Ainda que seja motivo de frustração, observar o comportamento de indiferença ao vírus divide as preocupações com o medo de se contaminar e com o testemunho diário de óbitos pela doença.
Jamile São Thiago, médica plantonista na unidade de saúde Parque São Cristóvão, em Salvado, conta que já chegou a ficar 12 horas sem comer, beber água ou ir ao banheiro por medo de se contaminar ao retirar o Equipamento de Proteção Individual. Desde o início da pandemia, ela chegou a trabalhar em quatro unidades de atendimento diferentes.
“Quando trabalhava na UPA em Feira de Santana, ainda não havia divisão entre pacientes sintomáticos e outros doentes. A cada paciente que chegava, tínhamos que parar tudo, fazer a higienização, trocar avental, máscara e touca. O processo de paramentar e desparamentar o tempo todo era um dos mais estressantes”, lembra Jamile.
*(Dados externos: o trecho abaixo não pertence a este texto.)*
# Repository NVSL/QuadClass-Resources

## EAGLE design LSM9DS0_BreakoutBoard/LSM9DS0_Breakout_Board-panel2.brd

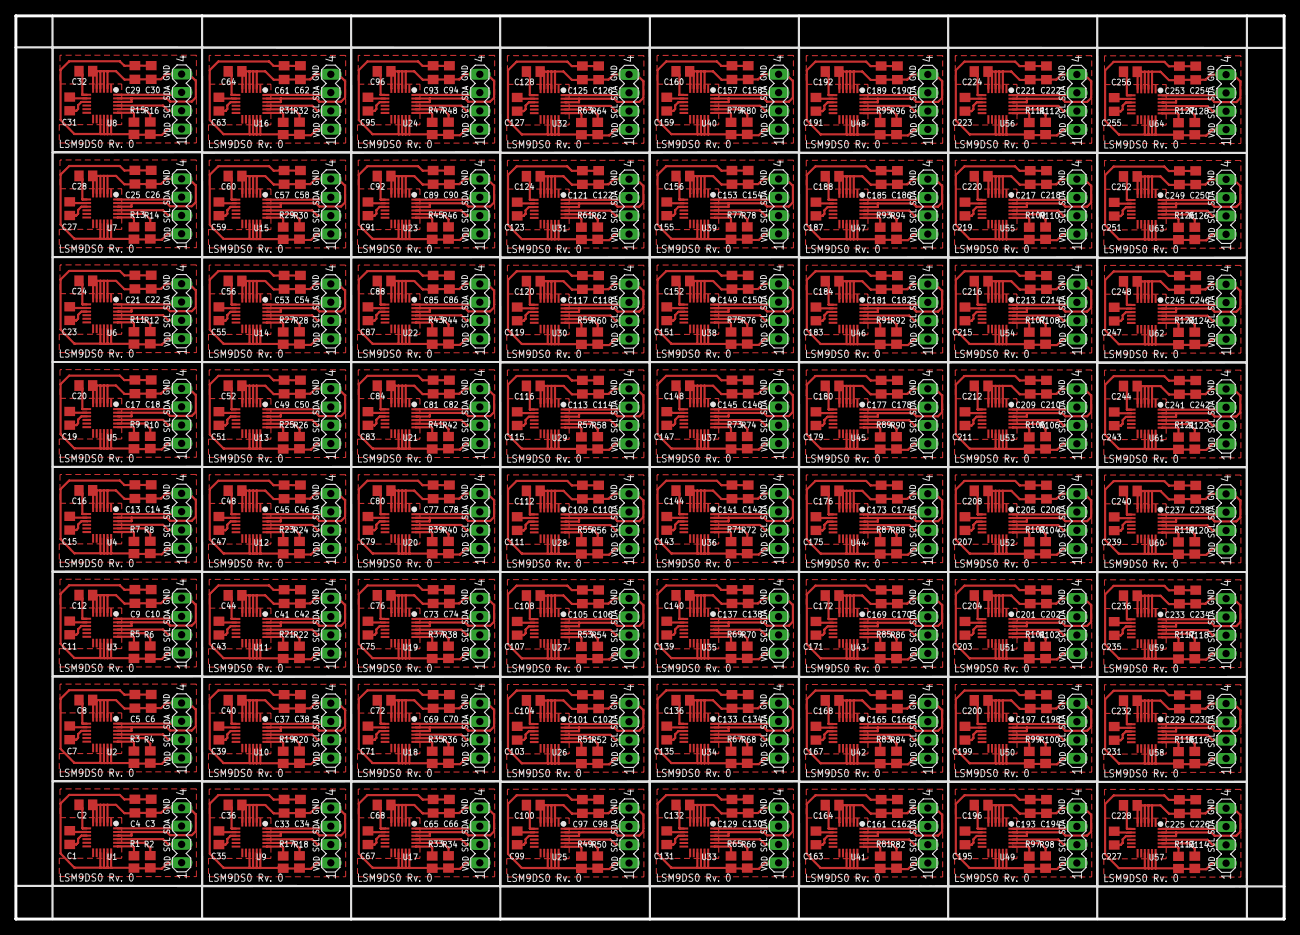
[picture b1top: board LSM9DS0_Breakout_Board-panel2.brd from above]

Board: 2 copper layers, 175.9 x 125.3 mm, 512 parts (0 on the bottom side), 576 nets.

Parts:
C1, C7, C11, C15, C19, C23, C27, C31, C35, C39, C43, C47, C51, C55, C59, C63, C67, C71, C75, C79, C83, C87, C91, C95, C99, C103, C107, C111, C115, C119, C123, C127, C131, C135, C139, C143, C147, C151, C155, C159, C163, C167, C171, C175, C179, C183, C187, C191, C195, C199, C203, C207, C211, C215, C219, C223, C227, C231, C235, C239, C243, C247, C251, C255: 0.22uF; C0805
C2, C8, C12, C16, C20, C24, C28, C32, C36, C40, C44, C48, C52, C56, C60, C64, C68, C72, C76, C80, C84, C88, C92, C96, C100, C104, C108, C112, C116, C120, C124, C128, C132, C136, C140, C144, C148, C152, C156, C160, C164, C168, C172, C176, C180, C184, C188, C192, C196, C200, C204, C208, C212, C216, C220, C224, C228, C232, C236, C240, C244, C248, C252, C256: 4.7uF; C0805
C3, C6, C10, C14, C18, C22, C26, C30, C34, C38, C42, C46, C50, C54, C58, C62, C66, C70, C74, C78, C82, C86, C90, C94, C98, C102, C106, C110, C114, C118, C122, C126, C130, C134, C138, C142, C146, C150, C154, C158, C162, C166, C170, C174, C178, C182, C186, C190, C194, C198, C202, C206, C210, C214, C218, C222, C226, C230, C234, C238, C242, C246, C250, C254: 10uF; C0805
C4, C5, C9, C13, C17, C21, C25, C29, C33, C37, C41, C45, C49, C53, C57, C61, C65, C69, C73, C77, C81, C85, C89, C93, C97, C101, C105, C109, C113, C117, C121, C125, C129, C133, C137, C141, C145, C149, C153, C157, C161, C165, C169, C173, C177, C181, C185, C189, C193, C197, C201, C205, C209, C213, C217, C221, C225, C229, C233, C237, C241, C245, C249, C253: 100nF; C0805
R1, R2, R3, R4, R5, R6, R7, R8, R9, R10, R11, R12, R13, R14, R15, R16, R17, R18, R19, R20, R21, R22, R23, R24, R25, R26, R27, R28, R29, R30, R31, R32, R33, R34, R35, R36, R37, R38, R39, R40, R41, R42, R43, R44, R45, R46, R47, R48, R49, R50, R51, R52, R53, R54, R55, R56, R57, R58, R59, R60, R61, R62, R63, R64, R65, R66, R67, R68, R69, R70, R71, R72, R73, R74, R75, R76, R77, R78, R79, R80, R81, R82, R83, R84, R85, R86, R87, R88, R89, R90, R91, R92, R93, R94, R95, R96, R97, R98, R99, R100, R101, R102, R103, R104, R105, R106, R107, R108, R109, R110, R111, R112, R113, R114, R115, R116, R117, R118, R119, R120, R121, R122, R123, R124, R125, R126, R127, R128: 10k; R0805
SV1, SV2, SV3, SV4, SV5, SV6, SV7, SV8, SV9, SV10, SV11, SV12, SV13, SV14, SV15, SV16, SV17, SV18, SV19, SV20, SV21, SV22, SV23, SV24, SV25, SV26, SV27, SV28, SV29, SV30, SV31, SV32, SV33, SV34, SV35, SV36, SV37, SV38, SV39, SV40, SV41, SV42, SV43, SV44, SV45, SV46, SV47, SV48, SV49, SV50, SV51, SV52, SV53, SV54, SV55, SV56, SV57, SV58, SV59, SV60, SV61, SV62, SV63, SV64: JP1; MA04-1
U1, U2, U3, U4, U5, U6, U7, U8, U9, U10, U11, U12, U13, U14, U15, U16, U17, U18, U19, U20, U21, U22, U23, U24, U25, U26, U27, U28, U29, U30, U31, U32, U33, U34, U35, U36, U37, U38, U39, U40, U41, U42, U43, U44, U45, U46, U47, U48, U49, U50, U51, U52, U53, U54, U55, U56, U57, U58, U59, U60, U61, U62, U63, U64: LSM9DS0; LGA-24

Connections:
GND: C2.1, C3.2, C4.2, SV1.4, U1.2, U1.3, U1.4, U1.5, U1.6, U1.22, U1.23
GND1: C5.2, C6.2, C8.1, SV2.4, U2.2, U2.3, U2.4, U2.5, U2.6, U2.22, U2.23
GND2: C9.2, C10.2, C12.1, SV3.4, U3.2, U3.3, U3.4, U3.5, U3.6, U3.22, U3.23
GND3: C13.2, C14.2, C16.1, SV4.4, U4.2, U4.3, U4.4, U4.5, U4.6, U4.22, U4.23
GND4: C17.2, C18.2, C20.1, SV5.4, U5.2, U5.3, U5.4, U5.5, U5.6, U5.22, U5.23
GND5: C21.2, C22.2, C24.1, SV6.4, U6.2, U6.3, U6.4, U6.5, U6.6, U6.22, U6.23
GND6: C25.2, C26.2, C28.1, SV7.4, U7.2, U7.3, U7.4, U7.5, U7.6, U7.22, U7.23
GND7: C29.2, C30.2, C32.1, SV8.4, U8.2, U8.3, U8.4, U8.5, U8.6, U8.22, U8.23
GND8: C33.2, C34.2, C36.1, SV9.4, U9.2, U9.3, U9.4, U9.5, U9.6, U9.22, U9.23
GND9: C37.2, C38.2, C40.1, SV10.4, U10.2, U10.3, U10.4, U10.5, U10.6, U10.22, U10.23
GND10: C41.2, C42.2, C44.1, SV11.4, U11.2, U11.3, U11.4, U11.5, U11.6, U11.22, U11.23
GND11: C45.2, C46.2, C48.1, SV12.4, U12.2, U12.3, U12.4, U12.5, U12.6, U12.22, U12.23
GND12: C49.2, C50.2, C52.1, SV13.4, U13.2, U13.3, U13.4, U13.5, U13.6, U13.22, U13.23
GND13: C53.2, C54.2, C56.1, SV14.4, U14.2, U14.3, U14.4, U14.5, U14.6, U14.22, U14.23
GND14: C57.2, C58.2, C60.1, SV15.4, U15.2, U15.3, U15.4, U15.5, U15.6, U15.22, U15.23
GND15: C61.2, C62.2, C64.1, SV16.4, U16.2, U16.3, U16.4, U16.5, U16.6, U16.22, U16.23
GND16: C65.2, C66.2, C68.1, SV17.4, U17.2, U17.3, U17.4, U17.5, U17.6, U17.22, U17.23
GND17: C69.2, C70.2, C72.1, SV18.4, U18.2, U18.3, U18.4, U18.5, U18.6, U18.22, U18.23
GND18: C73.2, C74.2, C76.1, SV19.4, U19.2, U19.3, U19.4, U19.5, U19.6, U19.22, U19.23
GND19: C77.2, C78.2, C80.1, SV20.4, U20.2, U20.3, U20.4, U20.5, U20.6, U20.22, U20.23
GND20: C81.2, C82.2, C84.1, SV21.4, U21.2, U21.3, U21.4, U21.5, U21.6, U21.22, U21.23
GND21: C85.2, C86.2, C88.1, SV22.4, U22.2, U22.3, U22.4, U22.5, U22.6, U22.22, U22.23
GND22: C89.2, C90.2, C92.1, SV23.4, U23.2, U23.3, U23.4, U23.5, U23.6, U23.22, U23.23
GND23: C93.2, C94.2, C96.1, SV24.4, U24.2, U24.3, U24.4, U24.5, U24.6, U24.22, U24.23
GND24: C97.2, C98.2, C100.1, SV25.4, U25.2, U25.3, U25.4, U25.5, U25.6, U25.22, U25.23
GND25: C101.2, C102.2, C104.1, SV26.4, U26.2, U26.3, U26.4, U26.5, U26.6, U26.22, U26.23
GND26: C105.2, C106.2, C108.1, SV27.4, U27.2, U27.3, U27.4, U27.5, U27.6, U27.22, U27.23
GND27: C109.2, C110.2, C112.1, SV28.4, U28.2, U28.3, U28.4, U28.5, U28.6, U28.22, U28.23
GND28: C113.2, C114.2, C116.1, SV29.4, U29.2, U29.3, U29.4, U29.5, U29.6, U29.22, U29.23
GND29: C117.2, C118.2, C120.1, SV30.4, U30.2, U30.3, U30.4, U30.5, U30.6, U30.22, U30.23
GND30: C121.2, C122.2, C124.1, SV31.4, U31.2, U31.3, U31.4, U31.5, U31.6, U31.22, U31.23
GND31: C125.2, C126.2, C128.1, SV32.4, U32.2, U32.3, U32.4, U32.5, U32.6, U32.22, U32.23
GND32: C129.2, C130.2, C132.1, SV33.4, U33.2, U33.3, U33.4, U33.5, U33.6, U33.22, U33.23
GND33: C133.2, C134.2, C136.1, SV34.4, U34.2, U34.3, U34.4, U34.5, U34.6, U34.22, U34.23
GND34: C137.2, C138.2, C140.1, SV35.4, U35.2, U35.3, U35.4, U35.5, U35.6, U35.22, U35.23
GND35: C141.2, C142.2, C144.1, SV36.4, U36.2, U36.3, U36.4, U36.5, U36.6, U36.22, U36.23
GND36: C145.2, C146.2, C148.1, SV37.4, U37.2, U37.3, U37.4, U37.5, U37.6, U37.22, U37.23
GND37: C149.2, C150.2, C152.1, SV38.4, U38.2, U38.3, U38.4, U38.5, U38.6, U38.22, U38.23
GND38: C153.2, C154.2, C156.1, SV39.4, U39.2, U39.3, U39.4, U39.5, U39.6, U39.22, U39.23
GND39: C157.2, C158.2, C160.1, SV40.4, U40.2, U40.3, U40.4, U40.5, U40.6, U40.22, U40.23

A falta de contato físico também contribui com a sobrecarga emocional. É o que conta a médica, que está há quatro meses sem visitar a família e faz sessões de terapia semanais para ampliar sua rede de apoio.
A psicóloga Maria José Carballal é voluntária da rede de acolhimento da Secretaria Municipal de Saúde de Salvador e aponta que as demandas dos profissionais da saúde são diferentes da maioria da população durante a pandemia.
“É uma situação de ameaça de contaminação e sobrecarga de trabalho. Além da intervenção de cuidados, eles também têm que dar conta da intervenção emocional dos pacientes que também estão por conta deles. Isso e a sensação de impotência diante da quantidade de mortos é o que faz a equipe sofrer”, afirma Maria José.
Salário bruto x salário emocional
Jefferson Santanna, 27 anos, é enfermeiro especializado em cardiologia e trabalha na UTI de um hospital de referência na zona oeste da cidade de São Paulo e chama atenção para a desvalorização da profissão.
"A falta de profissionais é algo muito perigoso no sistema de saúde. A carga de trabalho quadruplicou porque as pessoas começaram a se afastar por questões de saúde. Em um dia você está trabalhando, no outro descobre que seu colega que estava ao seu lado durante a noite toda contraiu o coronavírus", desabafa Santanna.
Nos últimos meses, o enfermeiro conta que enfrentou crises de insônia após os turnos de mais de 12 horas. Além das noites mal dormidas, também são observados casos de ansiedade generalizada e desalento.
Apesar da dedicação diária, ele diz que a categoria passa por desvalorizações tanto no que se refere ao "salário bruto" quanto ao "salário emocional".
"Existem projetos de lei que permitiram que o profissional da enfermagem trabalhasse 24 horas com descanso de 12h, ou colocar a enfermagem como um serviço terceirizado na qual o funcionário não teria um respaldo legal trabalhista."
A psicóloga destaca a necessidade de oferecer amparo para quem está em contato direto com pessoas doentes na pandemia. Segundo Maria José, esse profissionais também são uma escuta amorosa para o paciente.
"Oferecer uma escuta privilegiada a profissionais da área da saúde vai além de acolher angústias, mas lidar situações sociais que estão postas, como desemprego, a desvalorização e o luto diário", afirma.